Finetune from a supervised pre-trained Zipformer model
This tutorial shows you how to fine-tune a supervised pre-trained Zipformer transducer model on a new dataset.
Hint
We assume you have read the page Installation and have setup
the environment for icefall
.
Hint
We recommend you to use a GPU or several GPUs to run this recipe
For illustration purpose, we fine-tune the Zipformer transducer model pre-trained on LibriSpeech on the small subset of GigaSpeech. You could use your own data for fine-tuning if you create a manifest for your new dataset.
Data preparation
Please follow the instructions in the GigaSpeech recipe to prepare the fine-tune data used in this tutorial. We only require the small subset in GigaSpeech for this tutorial.
Model preparation
We are using the Zipformer model trained on full LibriSpeech (960 hours) as the intialization. The checkpoint of the model can be downloaded via the following command:
$ GIT_LFS_SKIP_SMUDGE=1 git clone https://huggingface.co/Zengwei/icefall-asr-librispeech-zipformer-2023-05-15
$ cd icefall-asr-librispeech-zipformer-2023-05-15/exp
$ git lfs pull --include "pretrained.pt"
$ ln -s pretrained.pt epoch-99.pt
$ cd ../data/lang_bpe_500
$ git lfs pull --include bpe.model
$ cd ../../..
Before fine-tuning, let’s test the model’s WER on the new domain. The following command performs decoding on the GigaSpeech test sets:
./zipformer/decode_gigaspeech.py \
--epoch 99 \
--avg 1 \
--exp-dir icefall-asr-librispeech-zipformer-2023-05-15/exp \
--use-averaged-model 0 \
--max-duration 1000 \
--decoding-method greedy_search
You should see the following numbers:
For dev, WER of different settings are:
greedy_search 20.06 best for dev
For test, WER of different settings are:
greedy_search 19.27 best for test
Fine-tune
Since LibriSpeech and GigaSpeech are both English dataset, we can initialize the whole Zipformer model with the checkpoint downloaded in the previous step (otherwise we should consider initializing the stateless decoder and joiner from scratch due to the mismatch of the output vocabulary). The following command starts a fine-tuning experiment:
$ use_mux=0
$ do_finetune=1
$ ./zipformer/finetune.py \
--world-size 2 \
--num-epochs 20 \
--start-epoch 1 \
--exp-dir zipformer/exp_giga_finetune${do_finetune}_mux${use_mux} \
--use-fp16 1 \
--base-lr 0.0045 \
--bpe-model data/lang_bpe_500/bpe.model \
--do-finetune $do_finetune \
--use-mux $use_mux \
--master-port 13024 \
--finetune-ckpt icefall-asr-librispeech-zipformer-2023-05-15/exp/pretrained.pt \
--max-duration 1000
The following arguments are related to fine-tuning:
--base-lr
The learning rate used for fine-tuning. We suggest to set a small learning rate for fine-tuning, otherwise the model may forget the initialization very quickly. A reasonable value should be around 1/10 of the original lr, i.e 0.0045.
--do-finetune
If True, do fine-tuning by initializing the model from a pre-trained checkpoint. Note that if you want to resume your fine-tuning experiment from certain epochs, you need to set this to False.
--finetune-ckpt
The path to the pre-trained checkpoint (used for initialization).
--use-mux
If True, mix the fine-tune data with the original training data by using CutSet.mux This helps maintain the model’s performance on the original domain if the original training is available. If you don’t have the original training data, please set it to False.
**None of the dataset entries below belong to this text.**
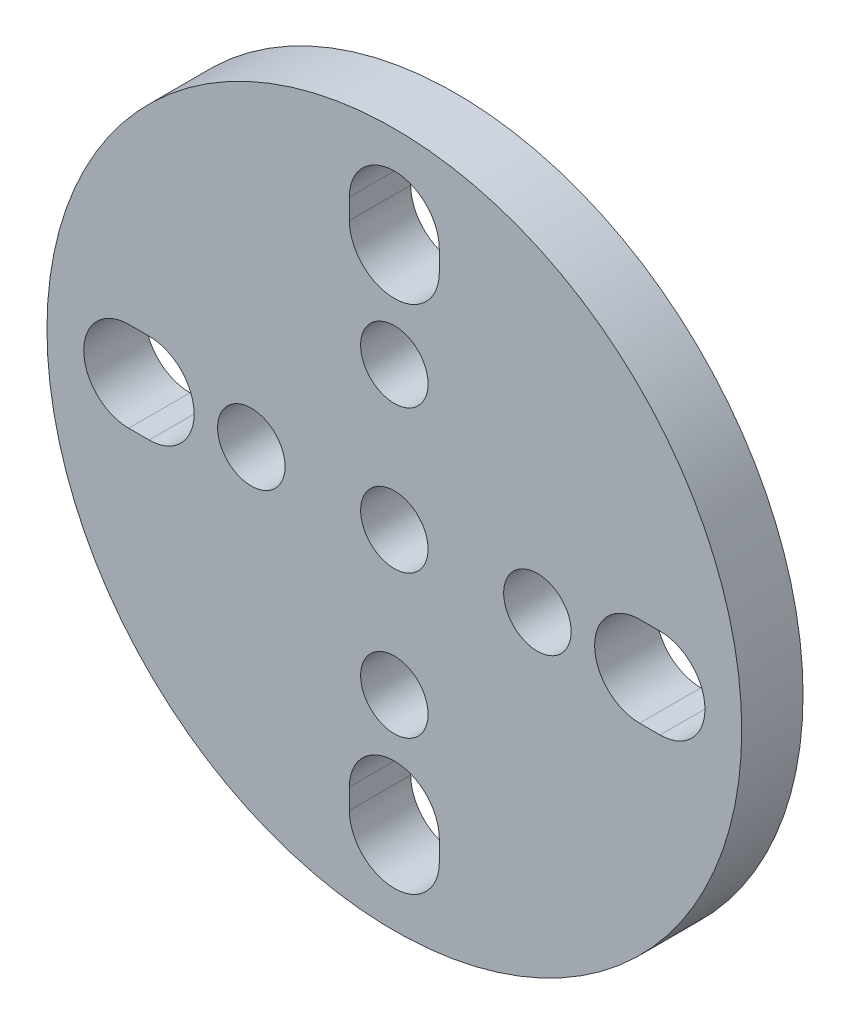
ISO-10303-21;
HEADER;
FILE_DESCRIPTION(('STEP AP214'),'2;1');
FILE_NAME('part.step','',(''),(''),'','','');
FILE_SCHEMA(('AUTOMOTIVE_DESIGN { 1 0 10303 214 1 1 1 1 }'));
ENDSEC;
DATA;
#1=APPLICATION_CONTEXT('core data for automotive mechanical design processes');
#2=APPLICATION_PROTOCOL_DEFINITION('international standard','automotive_design',2000,#1);
#3=PRODUCT_CONTEXT('',#1,'mechanical');
#4=PRODUCT('Part','Part','',(#3));
#5=PRODUCT_RELATED_PRODUCT_CATEGORY('part','',(#4));
#6=PRODUCT_DEFINITION_FORMATION('','',#4);
#7=PRODUCT_DEFINITION_CONTEXT('part definition',#1,'design');
#8=PRODUCT_DEFINITION('design','',#6,#7);
#9=PRODUCT_DEFINITION_SHAPE('','',#8);
#10=(LENGTH_UNIT() NAMED_UNIT(*) SI_UNIT(.MILLI.,.METRE.));
#11=(NAMED_UNIT(*) PLANE_ANGLE_UNIT() SI_UNIT($,.RADIAN.));
#12=(NAMED_UNIT(*) SI_UNIT($,.STERADIAN.) SOLID_ANGLE_UNIT());
#13=UNCERTAINTY_MEASURE_WITH_UNIT(LENGTH_MEASURE(1.E-05),#10,'distance_accuracy_value','');
#14=(GEOMETRIC_REPRESENTATION_CONTEXT(3) GLOBAL_UNCERTAINTY_ASSIGNED_CONTEXT((#13)) GLOBAL_UNIT_ASSIGNED_CONTEXT((#10,
#11,#12)) REPRESENTATION_CONTEXT('',''));
#15=CARTESIAN_POINT('',(0.,0.,0.));
#16=DIRECTION('',(0.,0.,1.));
#17=DIRECTION('',(1.,0.,0.));
#18=AXIS2_PLACEMENT_3D('',#15,#16,#17);
#19=CARTESIAN_POINT('',(0.,12.,3.));
#20=DIRECTION('',(0.,0.,-1.));
#21=DIRECTION('',(-1.,0.,0.));
#22=AXIS2_PLACEMENT_3D('',#19,#20,#21);
#23=CYLINDRICAL_SURFACE('',#22,2.2);
#24=CARTESIAN_POINT('',(0.,12.,0.));
#25=DIRECTION('',(0.,0.,1.));
#26=DIRECTION('',(1.,0.,0.));
#27=AXIS2_PLACEMENT_3D('',#24,#25,#26);
#28=CIRCLE('',#27,2.2);
#29=CARTESIAN_POINT('',(-2.2,12.,0.));
#30=VERTEX_POINT('',#29);
#31=CARTESIAN_POINT('',(2.2,12.,0.));
#32=VERTEX_POINT('',#31);
#33=EDGE_CURVE('E234',#30,#32,#28,.T.);
#34=ORIENTED_EDGE('',*,*,#33,.F.);
#35=DIRECTION('',(0.,0.,-1.));
#36=VECTOR('',#35,1.);
#37=CARTESIAN_POINT('',(-2.2,12.,3.));
#38=LINE('',#37,#36);
#39=CARTESIAN_POINT('',(-2.2,12.,3.));
#40=VERTEX_POINT('',#39);
#41=EDGE_CURVE('E11',#40,#30,#38,.T.);
#42=ORIENTED_EDGE('',*,*,#41,.F.);
#43=CARTESIAN_POINT('',(0.,12.,3.));
#44=DIRECTION('',(0.,0.,1.));
#45=DIRECTION('',(1.,0.,0.));
#46=AXIS2_PLACEMENT_3D('',#43,#44,#45);
#47=CIRCLE('',#46,2.2);
#48=CARTESIAN_POINT('',(2.2,12.,3.));
#49=VERTEX_POINT('',#48);
#50=EDGE_CURVE('E172',#40,#49,#47,.T.);
#51=ORIENTED_EDGE('',*,*,#50,.T.);
#52=DIRECTION('',(0.,0.,-1.));
#53=VECTOR('',#52,1.);
#54=CARTESIAN_POINT('',(2.2,12.,3.));
#55=LINE('',#54,#53);
#56=EDGE_CURVE('E112',#49,#32,#55,.T.);
#57=ORIENTED_EDGE('',*,*,#56,.T.);
#58=EDGE_LOOP('',(#34,#42,#51,#57));
#59=FACE_BOUND('',#58,.T.);
#60=ADVANCED_FACE('F35',(#59),#23,.F.);
#61=CARTESIAN_POINT('',(-2.2,0.,3.));
#62=DIRECTION('',(1.,0.,0.));
#63=DIRECTION('',(0.,0.,-1.));
#64=AXIS2_PLACEMENT_3D('',#61,#62,#63);
#65=PLANE('',#64);
#66=DIRECTION('',(0.,-1.,0.));
#67=VECTOR('',#66,1.);
#68=CARTESIAN_POINT('',(-2.2,0.,0.));
#69=LINE('',#68,#67);
#70=CARTESIAN_POINT('',(-2.2,13.,0.));
#71=VERTEX_POINT('',#70);
#72=EDGE_CURVE('E163',#71,#30,#69,.T.);
#73=ORIENTED_EDGE('',*,*,#72,.F.);
#74=DIRECTION('',(0.,0.,-1.));
#75=VECTOR('',#74,1.);
#76=CARTESIAN_POINT('',(-2.2,13.,3.));
#77=LINE('',#76,#75);
#78=CARTESIAN_POINT('',(-2.2,13.,3.));
#79=VERTEX_POINT('',#78);
#80=EDGE_CURVE('E45',#79,#71,#77,.T.);
#81=ORIENTED_EDGE('',*,*,#80,.F.);
#82=DIRECTION('',(0.,-1.,0.));
#83=VECTOR('',#82,1.);
#84=CARTESIAN_POINT('',(-2.2,0.,3.));
#85=LINE('',#84,#83);
#86=EDGE_CURVE('E161',#79,#40,#85,.T.);
#87=ORIENTED_EDGE('',*,*,#86,.T.);
#88=ORIENTED_EDGE('',*,*,#41,.T.);
#89=EDGE_LOOP('',(#73,#81,#87,#88));
#90=FACE_BOUND('',#89,.T.);
#91=ADVANCED_FACE('F160',(#90),#65,.T.);
#92=CARTESIAN_POINT('',(0.,13.,3.));
#93=DIRECTION('',(0.,0.,-1.));
#94=DIRECTION('',(-1.,0.,0.));
#95=AXIS2_PLACEMENT_3D('',#92,#93,#94);
#96=CYLINDRICAL_SURFACE('',#95,2.2);
#97=CARTESIAN_POINT('',(0.,13.,0.));
#98=DIRECTION('',(0.,0.,1.));
#99=DIRECTION('',(1.,0.,0.));
#100=AXIS2_PLACEMENT_3D('',#97,#98,#99);
#101=CIRCLE('',#100,2.2);
#102=CARTESIAN_POINT('',(2.2,13.,0.));
#103=VERTEX_POINT('',#102);
#104=EDGE_CURVE('E238',#103,#71,#101,.T.);
#105=ORIENTED_EDGE('',*,*,#104,.F.);
#106=DIRECTION('',(0.,0.,-1.));
#107=VECTOR('',#106,1.);
#108=CARTESIAN_POINT('',(2.2,13.,3.));
#109=LINE('',#108,#107);
#110=CARTESIAN_POINT('',(2.2,13.,3.));
#111=VERTEX_POINT('',#110);
#112=EDGE_CURVE('E105',#111,#103,#109,.T.);
#113=ORIENTED_EDGE('',*,*,#112,.F.);
#114=CARTESIAN_POINT('',(0.,13.,3.));
#115=DIRECTION('',(0.,0.,1.));
#116=DIRECTION('',(1.,0.,0.));
#117=AXIS2_PLACEMENT_3D('',#114,#115,#116);
#118=CIRCLE('',#117,2.2);
#119=EDGE_CURVE('E171',#111,#79,#118,.T.);
#120=ORIENTED_EDGE('',*,*,#119,.T.);
#121=ORIENTED_EDGE('',*,*,#80,.T.);
#122=EDGE_LOOP('',(#105,#113,#120,#121));
#123=FACE_BOUND('',#122,.T.);
#124=ADVANCED_FACE('F174',(#123),#96,.F.);
#125=CARTESIAN_POINT('',(12.,0.,3.));
#126=DIRECTION('',(0.,0.,-1.));
#127=DIRECTION('',(-1.,0.,0.));
#128=AXIS2_PLACEMENT_3D('',#125,#126,#127);
#129=CYLINDRICAL_SURFACE('',#128,2.2);
#130=CARTESIAN_POINT('',(12.,0.,0.));
#131=DIRECTION('',(0.,0.,1.));
#132=DIRECTION('',(1.,0.,0.));
#133=AXIS2_PLACEMENT_3D('',#130,#131,#132);
#134=CIRCLE('',#133,2.2);
#135=CARTESIAN_POINT('',(12.,2.2,0.));
#136=VERTEX_POINT('',#135);
#137=CARTESIAN_POINT('',(12.,-2.2,0.));
#138=VERTEX_POINT('',#137);
#139=EDGE_CURVE('E222',#136,#138,#134,.T.);
#140=ORIENTED_EDGE('',*,*,#139,.F.);
#141=DIRECTION('',(0.,0.,-1.));
#142=VECTOR('',#141,1.);
#143=CARTESIAN_POINT('',(12.,2.2,3.));
#144=LINE('',#143,#142);
#145=CARTESIAN_POINT('',(12.,2.2,3.));
#146=VERTEX_POINT('',#145);
#147=EDGE_CURVE('E262',#146,#136,#144,.T.);
#148=ORIENTED_EDGE('',*,*,#147,.F.);
#149=CARTESIAN_POINT('',(12.,0.,3.));
#150=DIRECTION('',(0.,0.,1.));
#151=DIRECTION('',(1.,0.,0.));
#152=AXIS2_PLACEMENT_3D('',#149,#150,#151);
#153=CIRCLE('',#152,2.2);
#154=CARTESIAN_POINT('',(12.,-2.2,3.));
#155=VERTEX_POINT('',#154);
#156=EDGE_CURVE('E321',#146,#155,#153,.T.);
#157=ORIENTED_EDGE('',*,*,#156,.T.);
#158=DIRECTION('',(0.,0.,-1.));
#159=VECTOR('',#158,1.);
#160=CARTESIAN_POINT('',(12.,-2.2,3.));
#161=LINE('',#160,#159);
#162=EDGE_CURVE('E264',#155,#138,#161,.T.);
#163=ORIENTED_EDGE('',*,*,#162,.T.);
#164=EDGE_LOOP('',(#140,#148,#157,#163));
#165=FACE_BOUND('',#164,.T.);
#166=ADVANCED_FACE('F364',(#165),#129,.F.);
#167=CARTESIAN_POINT('',(0.,2.2,3.));
#168=DIRECTION('',(0.,1.,0.));
#169=DIRECTION('',(0.,0.,1.));
#170=AXIS2_PLACEMENT_3D('',#167,#168,#169);
#171=PLANE('',#170);
#172=DIRECTION('',(1.,0.,0.));
#173=VECTOR('',#172,1.);
#174=CARTESIAN_POINT('',(0.,2.2,0.));
#175=LINE('',#174,#173);
#176=CARTESIAN_POINT('',(13.,2.2,0.));
#177=VERTEX_POINT('',#176);
#178=EDGE_CURVE('E225',#136,#177,#175,.T.);
#179=ORIENTED_EDGE('',*,*,#178,.T.);
#180=DIRECTION('',(0.,0.,-1.));
#181=VECTOR('',#180,1.);
#182=CARTESIAN_POINT('',(13.,2.2,3.));
#183=LINE('',#182,#181);
#184=CARTESIAN_POINT('',(13.,2.2,3.));
#185=VERTEX_POINT('',#184);
#186=EDGE_CURVE('E269',#185,#177,#183,.T.);
#187=ORIENTED_EDGE('',*,*,#186,.F.);
#188=DIRECTION('',(1.,0.,0.));
#189=VECTOR('',#188,1.);
#190=CARTESIAN_POINT('',(0.,2.2,3.));
#191=LINE('',#190,#189);
#192=EDGE_CURVE('E324',#146,#185,#191,.T.);
#193=ORIENTED_EDGE('',*,*,#192,.F.);
#194=ORIENTED_EDGE('',*,*,#147,.T.);
#195=EDGE_LOOP('',(#179,#187,#193,#194));
#196=FACE_BOUND('',#195,.T.);
#197=ADVANCED_FACE('F360',(#196),#171,.F.);
#198=CARTESIAN_POINT('',(13.,0.,3.));
#199=DIRECTION('',(0.,0.,-1.));
#200=DIRECTION('',(-1.,0.,0.));
#201=AXIS2_PLACEMENT_3D('',#198,#199,#200);
#202=CYLINDRICAL_SURFACE('',#201,2.2);
#203=CARTESIAN_POINT('',(13.,0.,0.));
#204=DIRECTION('',(0.,0.,1.));
#205=DIRECTION('',(1.,0.,0.));
#206=AXIS2_PLACEMENT_3D('',#203,#204,#205);
#207=CIRCLE('',#206,2.2);
#208=CARTESIAN_POINT('',(13.,-2.2,0.));
#209=VERTEX_POINT('',#208);
#210=EDGE_CURVE('E228',#209,#177,#207,.T.);
#211=ORIENTED_EDGE('',*,*,#210,.F.);
#212=DIRECTION('',(0.,0.,-1.));
#213=VECTOR('',#212,1.);
#214=CARTESIAN_POINT('',(13.,-2.2,3.));
#215=LINE('',#214,#213);
#216=CARTESIAN_POINT('',(13.,-2.2,3.));
#217=VERTEX_POINT('',#216);
#218=EDGE_CURVE('E266',#217,#209,#215,.T.);
#219=ORIENTED_EDGE('',*,*,#218,.F.);
#220=CARTESIAN_POINT('',(13.,0.,3.));
#221=DIRECTION('',(0.,0.,1.));
#222=DIRECTION('',(1.,0.,0.));
#223=AXIS2_PLACEMENT_3D('',#220,#221,#222);
#224=CIRCLE('',#223,2.2);
#225=EDGE_CURVE('E326',#217,#185,#224,.T.);
#226=ORIENTED_EDGE('',*,*,#225,.T.);
#227=ORIENTED_EDGE('',*,*,#186,.T.);
#228=EDGE_LOOP('',(#211,#219,#226,#227));
#229=FACE_BOUND('',#228,.T.);
#230=ADVANCED_FACE('F356',(#229),#202,.F.);
#231=CARTESIAN_POINT('',(0.,-12.,3.));
#232=DIRECTION('',(0.,0.,-1.));
#233=DIRECTION('',(-1.,0.,0.));
#234=AXIS2_PLACEMENT_3D('',#231,#232,#233);
#235=CYLINDRICAL_SURFACE('',#234,2.2);
#236=CARTESIAN_POINT('',(0.,-12.,0.));
#237=DIRECTION('',(0.,0.,1.));
#238=DIRECTION('',(1.,0.,0.));
#239=AXIS2_PLACEMENT_3D('',#236,#237,#238);
#240=CIRCLE('',#239,2.2);
#241=CARTESIAN_POINT('',(2.2,-12.,0.));
#242=VERTEX_POINT('',#241);
#243=CARTESIAN_POINT('',(-2.2,-12.,0.));
#244=VERTEX_POINT('',#243);
#245=EDGE_CURVE('E210',#242,#244,#240,.T.);
#246=ORIENTED_EDGE('',*,*,#245,.F.);
#247=DIRECTION('',(0.,0.,-1.));
#248=VECTOR('',#247,1.);
#249=CARTESIAN_POINT('',(2.2,-12.,3.));
#250=LINE('',#249,#248);
#251=CARTESIAN_POINT('',(2.2,-12.,3.));
#252=VERTEX_POINT('',#251);
#253=EDGE_CURVE('E267',#252,#242,#250,.T.);
#254=ORIENTED_EDGE('',*,*,#253,.F.);
#255=CARTESIAN_POINT('',(0.,-12.,3.));
#256=DIRECTION('',(0.,0.,1.));
#257=DIRECTION('',(1.,0.,0.));
#258=AXIS2_PLACEMENT_3D('',#255,#256,#257);
#259=CIRCLE('',#258,2.2);
#260=CARTESIAN_POINT('',(-2.2,-12.,3.));
#261=VERTEX_POINT('',#260);
#262=EDGE_CURVE('E304',#252,#261,#259,.T.);
#263=ORIENTED_EDGE('',*,*,#262,.T.);
#264=DIRECTION('',(0.,0.,-1.));
#265=VECTOR('',#264,1.);
#266=CARTESIAN_POINT('',(-2.2,-12.,3.));
#267=LINE('',#266,#265);
#268=EDGE_CURVE('E272',#261,#244,#267,.T.);
#269=ORIENTED_EDGE('',*,*,#268,.T.);
#270=EDGE_LOOP('',(#246,#254,#263,#269));
#271=FACE_BOUND('',#270,.T.);
#272=ADVANCED_FACE('F359',(#271),#235,.F.);
#273=CARTESIAN_POINT('',(2.2,0.,3.));
#274=DIRECTION('',(-1.,0.,0.));
#275=DIRECTION('',(0.,0.,1.));
#276=AXIS2_PLACEMENT_3D('',#273,#274,#275);
#277=PLANE('',#276);
#278=DIRECTION('',(0.,1.,0.));
#279=VECTOR('',#278,1.);
#280=CARTESIAN_POINT('',(2.2,0.,0.));
#281=LINE('',#280,#279);
#282=CARTESIAN_POINT('',(2.2,-13.,0.));
#283=VERTEX_POINT('',#282);
#284=EDGE_CURVE('E213',#283,#242,#281,.T.);
#285=ORIENTED_EDGE('',*,*,#284,.F.);
#286=DIRECTION('',(0.,0.,-1.));
#287=VECTOR('',#286,1.);
#288=CARTESIAN_POINT('',(2.2,-13.,3.));
#289=LINE('',#288,#287);
#290=CARTESIAN_POINT('',(2.2,-13.,3.));
#291=VERTEX_POINT('',#290);
#292=EDGE_CURVE('E276',#291,#283,#289,.T.);
#293=ORIENTED_EDGE('',*,*,#292,.F.);
#294=DIRECTION('',(0.,1.,0.));
#295=VECTOR('',#294,1.);
#296=CARTESIAN_POINT('',(2.2,0.,3.));
#297=LINE('',#296,#295);
#298=EDGE_CURVE('E313',#291,#252,#297,.T.);
#299=ORIENTED_EDGE('',*,*,#298,.T.);
#300=ORIENTED_EDGE('',*,*,#253,.T.);
#301=EDGE_LOOP('',(#285,#293,#299,#300));
#302=FACE_BOUND('',#301,.T.);
#303=ADVANCED_FACE('F375',(#302),#277,.T.);
#304=CARTESIAN_POINT('',(0.,-13.,3.));
#305=DIRECTION('',(0.,0.,-1.));
#306=DIRECTION('',(-1.,0.,0.));
#307=AXIS2_PLACEMENT_3D('',#304,#305,#306);
#308=CYLINDRICAL_SURFACE('',#307,2.2);
#309=CARTESIAN_POINT('',(0.,-13.,0.));
#310=DIRECTION('',(0.,0.,1.));
#311=DIRECTION('',(1.,0.,0.));
#312=AXIS2_PLACEMENT_3D('',#309,#310,#311);
#313=CIRCLE('',#312,2.2);
#314=CARTESIAN_POINT('',(-2.2,-13.,0.));
#315=VERTEX_POINT('',#314);
#316=EDGE_CURVE('E216',#315,#283,#313,.T.);
#317=ORIENTED_EDGE('',*,*,#316,.F.);
#318=DIRECTION('',(0.,0.,-1.));
#319=VECTOR('',#318,1.);
#320=CARTESIAN_POINT('',(-2.2,-13.,3.));
#321=LINE('',#320,#319);
#322=CARTESIAN_POINT('',(-2.2,-13.,3.));
#323=VERTEX_POINT('',#322);
#324=EDGE_CURVE('E274',#323,#315,#321,.T.);
#325=ORIENTED_EDGE('',*,*,#324,.F.);
#326=CARTESIAN_POINT('',(0.,-13.,3.));
#327=DIRECTION('',(0.,0.,1.));
#328=DIRECTION('',(1.,0.,0.));
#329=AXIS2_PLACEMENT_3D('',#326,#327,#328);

After fine-tuning, let’s test the WERs. You can do this via the following command:
$ use_mux=0
$ do_finetune=1
$ ./zipformer/decode_gigaspeech.py \
--epoch 20 \
--avg 10 \
--exp-dir zipformer/exp_giga_finetune${do_finetune}_mux${use_mux} \
--use-averaged-model 1 \
--max-duration 1000 \
--decoding-method greedy_search
You should see numbers similar to the ones below:
For dev, WER of different settings are:
greedy_search 13.47 best for dev
For test, WER of different settings are:
greedy_search 13.66 best for test
Compared to the original checkpoint, the fine-tuned model achieves much lower WERs on the GigaSpeech test sets.